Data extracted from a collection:
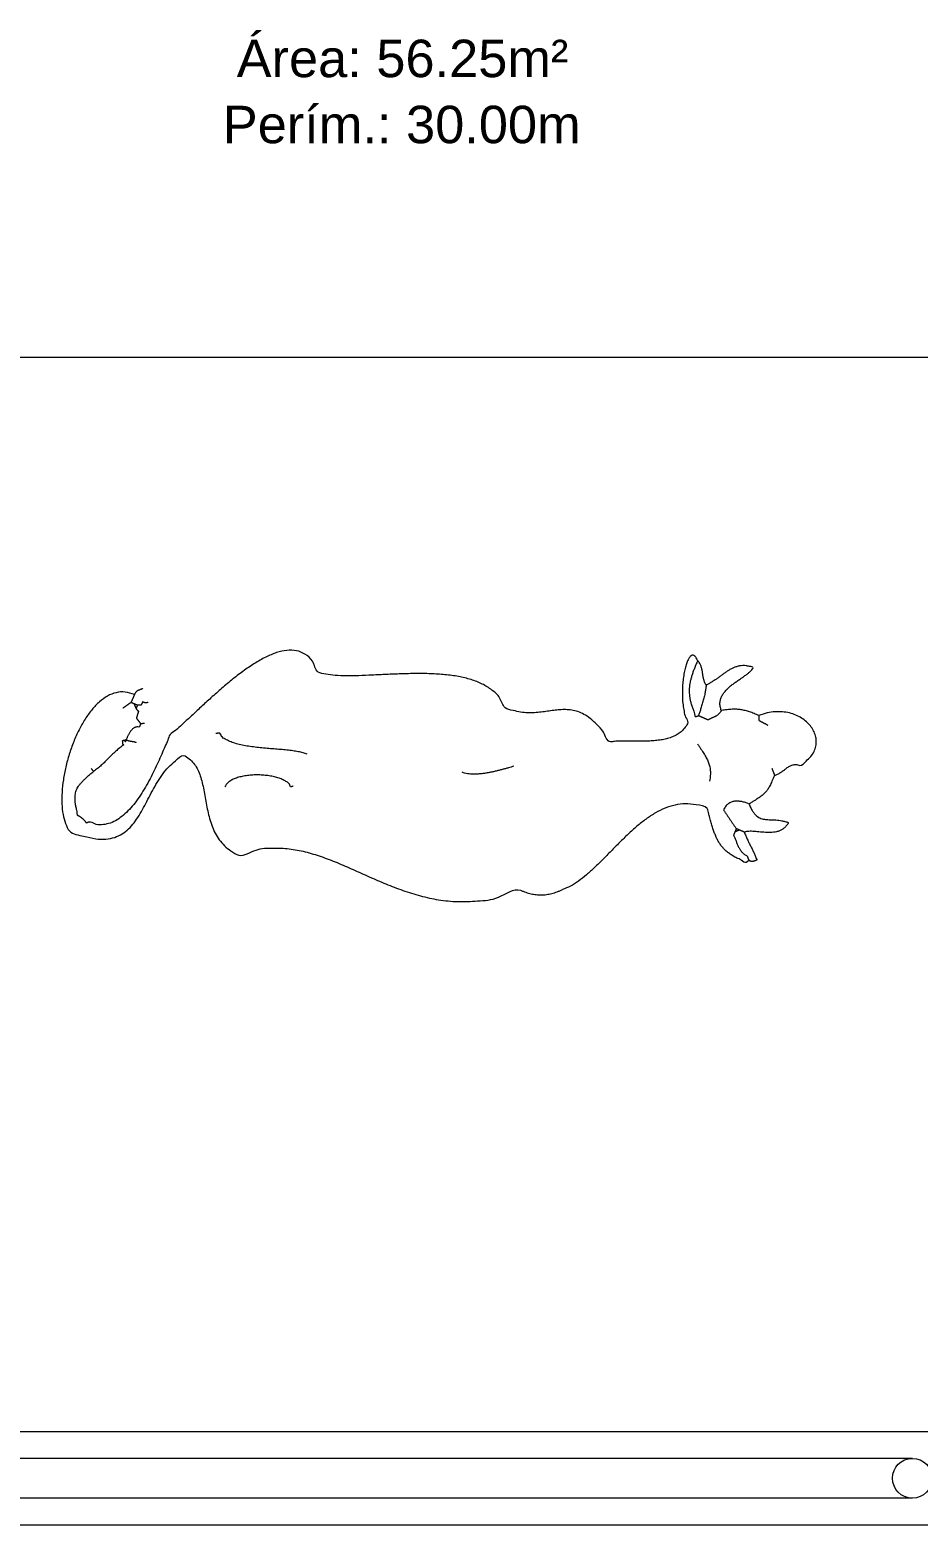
# Model space of a CAD drawing. Header units: metres. Extents: x 5 to 242, y -3 to 162.
# Drawn here: x 29.157 to 31.527, y 109.564 to 113.554 of the extents above; entities that cross this region are included whole.
import ezdxf

# ---------------------------------------------------------------- set-up
doc = ezdxf.new("R2010")
doc.units = ezdxf.units.M
doc.layers.add('1053_ARQ_BASE_MATADOURO_2_dwg', color=7, linetype='Continuous', lineweight=5, true_color=0x767676)
doc.layers.add('1053_ARQ_BASE_MATADOURO_dwg', color=7, linetype='Continuous', lineweight=5, true_color=0x767676)
doc.layers.add('A-COTAS', color=7, linetype='Continuous', lineweight=9)
doc.layers.add('A-PISO', color=7, linetype='Continuous', lineweight=5)
doc.styles.add('Arial_3', font='arial.ttf', dxfattribs={"height": 0.1})

# ---------------------------------------------------------------- blocks, each defined once
blk = doc.blocks.new('1053_ARQ_BASE_MATADOURO_dwg_arq geral tgov-4039641-CURRAL BOVINO')
at = {"layer": 'A-COTAS', "color": 253, "true_color": 0xaaaaaa}
blk.add_line((-10.9167, 29.4947), (5.2571, 29.4947), dxfattribs=at)
blk = doc.blocks.new('1053_ARQ_BASE_MATADOURO_dwg-3625622-CURRAL BOVINO')
blk.add_blockref('1053_ARQ_BASE_MATADOURO_dwg_arq geral tgov-4039641-CURRAL BOVINO', (130.2098, 83.186))
blk = doc.blocks.new('1053_ARQ_BASE_MATADOURO_2_dwg-3637054-CURRAL BOVINO')
at = {"layer": 'A-PISO', "color": 253, "true_color": 0xaaaaaa}
for p, q in [((132.4181, 76.5562), (127.1431, 76.5562)), ((132.4181, 76.4502), (127.1431, 76.4502))]:
    blk.add_line(p, q, dxfattribs=at)
at = {"layer": 'A-PISO', "color": 253, "true_color": 0xaaaaaa, "flags": 128}
blk.add_lwpolyline([(126.8931, 80.2532), (127.1431, 80.2532), (127.1431, 76.6282), (132.5431, 76.6282), (132.5431, 76.3782), (127.1431, 76.3782), (126.8931, 76.3782)], dxfattribs=at)
at = {"layer": 'A-PISO', "color": 253, "true_color": 0xaaaaaa}
blk.add_circle((132.4181, 76.5032), 0.053, dxfattribs=at)
for points, knots in [([(131.8451, 78.6851), (131.8437, 78.6883), (131.8414, 78.6936), (131.8363, 78.6996), (131.8298, 78.7002), (131.8247, 78.6958), (131.8203, 78.6888), (131.8161, 78.679), (131.8124, 78.6669), (131.8092, 78.6527), (131.8067, 78.637), (131.805, 78.6202), (131.8042, 78.6026), (131.8045, 78.5849), (131.8058, 78.5673), (131.809, 78.5503), (131.8115, 78.5344), (131.8226, 78.5203), (131.812, 78.5076), (131.804, 78.4974), (131.7933, 78.4892), (131.7815, 78.4829), (131.7685, 78.4781), (131.7547, 78.4747), (131.7401, 78.4724), (131.725, 78.471), (131.7096, 78.4703), (131.6942, 78.4701), (131.6789, 78.4702), (131.664, 78.4704), (131.6498, 78.4706), (131.6362, 78.4702), (131.6241, 78.4703), (131.604, 78.4642), (131.5964, 78.4966), (131.5767, 78.5139), (131.5597, 78.5307), (131.5426, 78.5419), (131.526, 78.5494), (131.5096, 78.5534), (131.4933, 78.5548), (131.4772, 78.5542), (131.461, 78.5524), (131.4445, 78.55), (131.4276, 78.5476), (131.41, 78.5459), (131.3917, 78.5457), (131.3722, 78.5472), (131.3526, 78.5524), (131.326, 78.5571), (131.3196, 78.5881), (131.2962, 78.6075), (131.2705, 78.6241), (131.24, 78.6355), (131.2065, 78.6434), (131.1704, 78.6482), (131.1324, 78.6505), (131.0934, 78.6509), (131.054, 78.65), (131.0151, 78.6483), (130.9774, 78.6464), (130.9417, 78.6449), (130.9089, 78.6444), (130.8792, 78.645), (130.855, 78.6486), (130.8259, 78.6526), (130.8212, 78.6847), (130.7988, 78.7031), (130.7748, 78.7133), (130.7482, 78.7136), (130.7205, 78.707), (130.6915, 78.6945), (130.6617, 78.6774), (130.6314, 78.6566), (130.6013, 78.6333), (130.5718, 78.6085), (130.5435, 78.5832), (130.5169, 78.5587), (130.4928, 78.5358), (130.471, 78.5163), (130.4544, 78.4993), (130.4358, 78.4899), (130.4313, 78.4716), (130.4232, 78.4547), (130.4151, 78.4349), (130.4057, 78.4139), (130.3954, 78.3919), (130.3841, 78.3696), (130.3718, 78.3475), (130.3586, 78.3262), (130.3445, 78.3062), (130.3295, 78.2882), (130.3135, 78.2726), (130.2966, 78.2601), (130.2786, 78.251), (130.2595, 78.2472), (130.2394, 78.245), (130.2263, 78.2567), (130.2195, 78.2539), (130.2191, 78.2538), (130.2187, 78.2536), (130.2183, 78.2534), (130.2179, 78.2533), (130.2175, 78.2531), (130.2172, 78.2529), (130.2168, 78.2528), (130.2164, 78.2526), (130.2161, 78.2524), (130.2157, 78.2523), (130.2154, 78.2521), (130.215, 78.252), (130.2147, 78.2518), (130.2144, 78.2517), (130.2136, 78.2513), (130.2135, 78.2533), (130.2125, 78.2543), (130.2116, 78.2559), (130.2104, 78.2573), (130.2092, 78.2588), (130.2078, 78.2602), (130.2063, 78.2616), (130.2048, 78.263), (130.2032, 78.2643), (130.2016, 78.2655), (130.2, 78.2667), (130.1983, 78.2678), (130.1967, 78.2688), (130.1951, 78.2697), (130.1936, 78.2706), (130.1886, 78.2724), (130.1902, 78.2833), (130.1866, 78.2928), (130.1852, 78.3025), (130.1841, 78.311), (130.1837, 78.3188), (130.1841, 78.3259), (130.1852, 78.3326), (130.1871, 78.3388), (130.1898, 78.3448), (130.1934, 78.3506), (130.1978, 78.3564), (130.2031, 78.3623), (130.2093, 78.3685), (130.2164, 78.3751), (130.2245, 78.3822), (130.2302, 78.3871), (130.2332, 78.3897)], [0, 0, 0, 0, 0.010571, 0.017391, 0.022385, 0.028342, 0.036587, 0.047233, 0.060042, 0.074659, 0.090698, 0.107753, 0.125424, 0.143316, 0.161054, 0.178295, 0.194748, 0.21021, 0.224137, 0.237373, 0.250457, 0.263771, 0.277541, 0.291838, 0.306638, 0.321832, 0.337274, 0.352767, 0.368104, 0.383062, 0.397417, 0.410944, 0.423437, 0.434721, 0.46711, 0.494451, 0.517657, 0.537695, 0.55555, 0.572131, 0.588182, 0.6042, 0.620474, 0.637125, 0.654211, 0.671801, 0.690047, 0.709226, 0.729793, 0.752353, 0.782482, 0.8118, 0.842065, 0.874258, 0.908691, 0.945222, 0.983418, 1.02268, 1.062299, 1.101512, 1.139512, 1.175493, 1.208652, 1.238246, 1.263653, 1.284556, 1.317568, 1.344515, 1.369067, 1.39451, 1.422718, 1.454239, 1.488817, 1.525777, 1.564219, 1.60313, 1.641415, 1.677951, 1.711577, 1.741137, 1.765473, 1.783491, 1.799781, 1.81892, 1.840364, 1.863581, 1.88804, 1.913229, 1.938654, 1.96385, 1.988389, 2.01192, 2.034187, 2.055107, 2.074846, 2.093951, 2.113399, 2.134528, 2.134965, 2.135398, 2.135826, 2.13625, 2.136667, 2.13708, 2.137486, 2.137889, 2.138282, 2.138674, 2.139058, 2.139438, 2.139811, 2.140179, 2.140539, 2.140898, 2.142452, 2.144111, 2.145868, 2.147714, 2.149633, 2.151615, 2.153639, 2.155694, 2.157757, 2.159812, 2.16184, 2.163826, 2.165749, 2.167591, 2.169333, 2.170961, 2.182965, 2.193684, 2.203252, 2.211814, 2.219538, 2.226609, 2.233243, 2.239673, 2.246143, 2.252884, 2.260107, 2.267989, 2.276689, 2.286336, 2.297054, 2.308948, 2.308948, 2.308948, 2.308948]), ([(131.8451, 78.6851), (131.8436, 78.6815), (131.8406, 78.6746), (131.8365, 78.6644), (131.8328, 78.6548), (131.8297, 78.6456), (131.8271, 78.6367), (131.8251, 78.6281), (131.8237, 78.6196), (131.8229, 78.6112), (131.8227, 78.6028), (131.8232, 78.5943), (131.8243, 78.5856), (131.8261, 78.5765), (131.8288, 78.5672), (131.8318, 78.5567), (131.8369, 78.5488), (131.8371, 78.5343), (131.8411, 78.536), (131.8414, 78.5361), (131.8418, 78.5363), (131.8422, 78.5364), (131.8425, 78.5366), (131.8429, 78.5367), (131.8433, 78.5369), (131.8437, 78.537), (131.8441, 78.5372), (131.8445, 78.5373), (131.8449, 78.5375), (131.8453, 78.5376), (131.8457, 78.5378), (131.8461, 78.538), (131.8465, 78.5381), (131.8468, 78.5382), (131.8469, 78.5383)], [0, 0, 0, 0, 0.0117195, 0.0226729, 0.032948, 0.042629, 0.0518187, 0.0606169, 0.0691427, 0.0775195, 0.0858853, 0.0943764, 0.1031379, 0.1123121, 0.1220337, 0.1324326, 0.1436315, 0.155747, 0.1561034, 0.1564727, 0.1568495, 0.1572393, 0.1576347, 0.1580393, 0.1584495, 0.158869, 0.1592904, 0.1597173, 0.1601479, 0.1605841, 0.1610222, 0.1614621, 0.161902, 0.1623475, 0.1623475, 0.1623475, 0.1623475]), ([(131.8675, 78.6202), (131.8668, 78.6215), (131.8653, 78.6241), (131.8636, 78.6283), (131.8622, 78.6324), (131.8611, 78.6367), (131.8602, 78.6409), (131.8595, 78.6452), (131.8588, 78.6495), (131.8582, 78.6538), (131.8575, 78.658), (131.8566, 78.6622), (131.8556, 78.6663), (131.8543, 78.6703), (131.8527, 78.6742), (131.8507, 78.678), (131.8482, 78.6817), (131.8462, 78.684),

Exercise: All lines of the entries above where "units" turns up should be reported.

Response:
# Model space of a CAD drawing. Header units: metres. Extents: x 5 to 242, y -3 to 162.
doc.units = ezdxf.units.M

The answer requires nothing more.